A good many Liberals believe in the need for urgent climate-change action.  They are persuaded by the science. They are satisfied by the practical cases put forward about transition away to sustainable and renewable energy. They understand very well the moral case for urgent action, and honestly worry about the state of the environment modern-day Australians will bequeath to the next generations. They also understand that Australia’s international reputation and standing, as well as our status as a good international citizen, is being trashed, and this will, in the long and medium-term hurt Australia and Australians, economically as much as socially. Most understand perfectly well that it is a more urgent and critical problem than conquering Covid-19, important as that is.

Alas, most of these Liberals can hide behind the resistance of the Nationals, pretending that they would like to do more but can’t because decisive action is opposed by their stablemates and would threaten the coalition and the fate of a minority government. Or pretending, against all the evidence, that what has been done, or is proposed to be done, amounts to effective action, a worthy Australian contribution and one which will make a difference.

For Scott Morrison, it appears to be only a political problem. He has never subscribed to the rhetoric, and does not use it even when he is pretending to be doing something. He has never formally disputed the science, or the need to do something, but has always resisted any idea that Australia ought to take a lead, or even that it ought to be proactive in devising a new high-tech economy which takes advantage of renewable and sustainable energy to build a new and smarter economy. He consciously eschewed the opportunity, when splashing billions of pandemic cash about last year, to invest in a new energy economy — instead lending himself, and the Cabinet, to a paid lobby of  gas producers whose entirely disinterested advice was to give them extra billions. A man who thinks in empty and meaningless slogans has coined a new one about change coming from technology rather than taxes, as though we must sit around until a scientist with a patent arrives.

It is all of a one with the fact, as well as the impression, of a government entirely in the doldrums over the pandemic, seemingly unable to get fresh wind,  a break or a bit of luck. A government barely going through the motions of defending itself, or reforming itself, over the corrupt way in which it has been misappropriating money, with a prime minister content to make himself look silly with misleading circular arguments about rorting being OK because the minister thought it was. The question the government ought to be asking itself is how much longer it can stagger on in this way, and whether anything on the horizon — such as the expectation of supplies of fresh vaccines — promises a new energy in the ministry, a purpose in government, a reason for being there.

At its core is a question of leadership and fitness for office. The public, and the Liberal Party, have long tolerated a corrupted National Party focused on redistributing as much of the spoils of government to its own as possible. But the Liberals, and their leaders, were supposed to be above that. To be in office for an articulated purpose. To be accountable and transparent. To prefer the national interest to its own. To be focused especially on public safety and the public interest — which is what is threatened by climate change.

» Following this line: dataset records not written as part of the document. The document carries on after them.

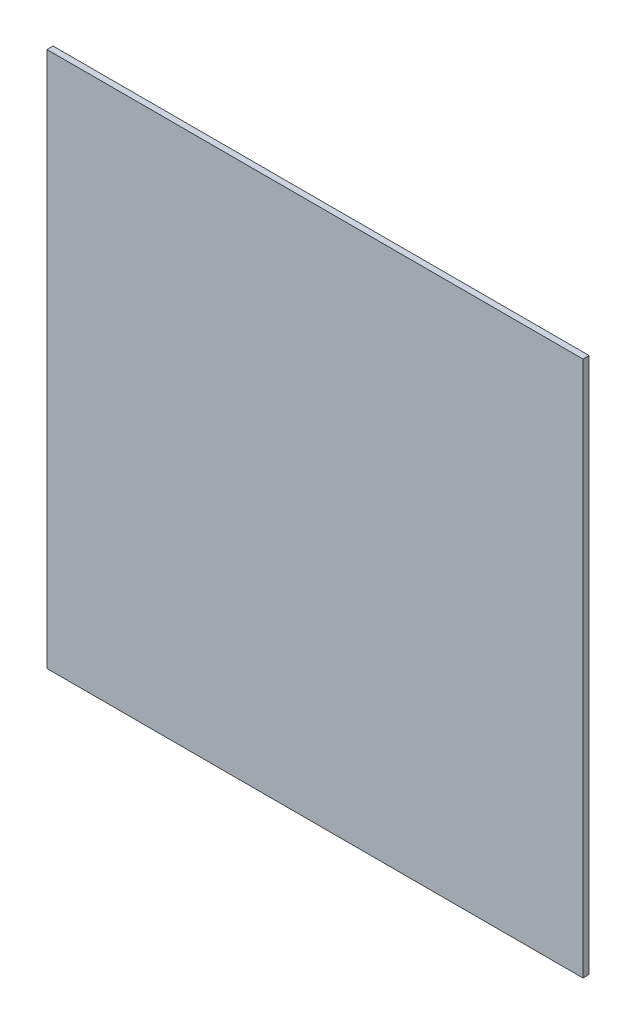
from build123d import *

# Parameters (mm, degrees)
ESQUISSE1_W        = 220
ESQUISSE1_H        = 220
BOSS_EXTRU_1_DEPTH = 2.5


with BuildPart() as part:
    # Esquisse1 → Boss.-Extru.1 (new body)
    with BuildSketch(Plane.XY):
        with Locations((110, 110)):
            Rectangle(ESQUISSE1_W, ESQUISSE1_H)
    extrude(amount=BOSS_EXTRU_1_DEPTH)


solid = part.part

Scott Morrison is not doing that. He does not hold the hose, it’s not a race, and he’s not leading on climate change. Nor are the Liberals. Indeed Morrison gives every appearance of relishing the way in which the straight bat and the mangled sentences of the deputy prime minister require the lowest common denominator. His colleagues ought to be tearing his, or their own, hair out. Down the track they will not be able to explain their inaction, and their subservience to his judgment, as a mere matter of preferring loyalty ahead of duty.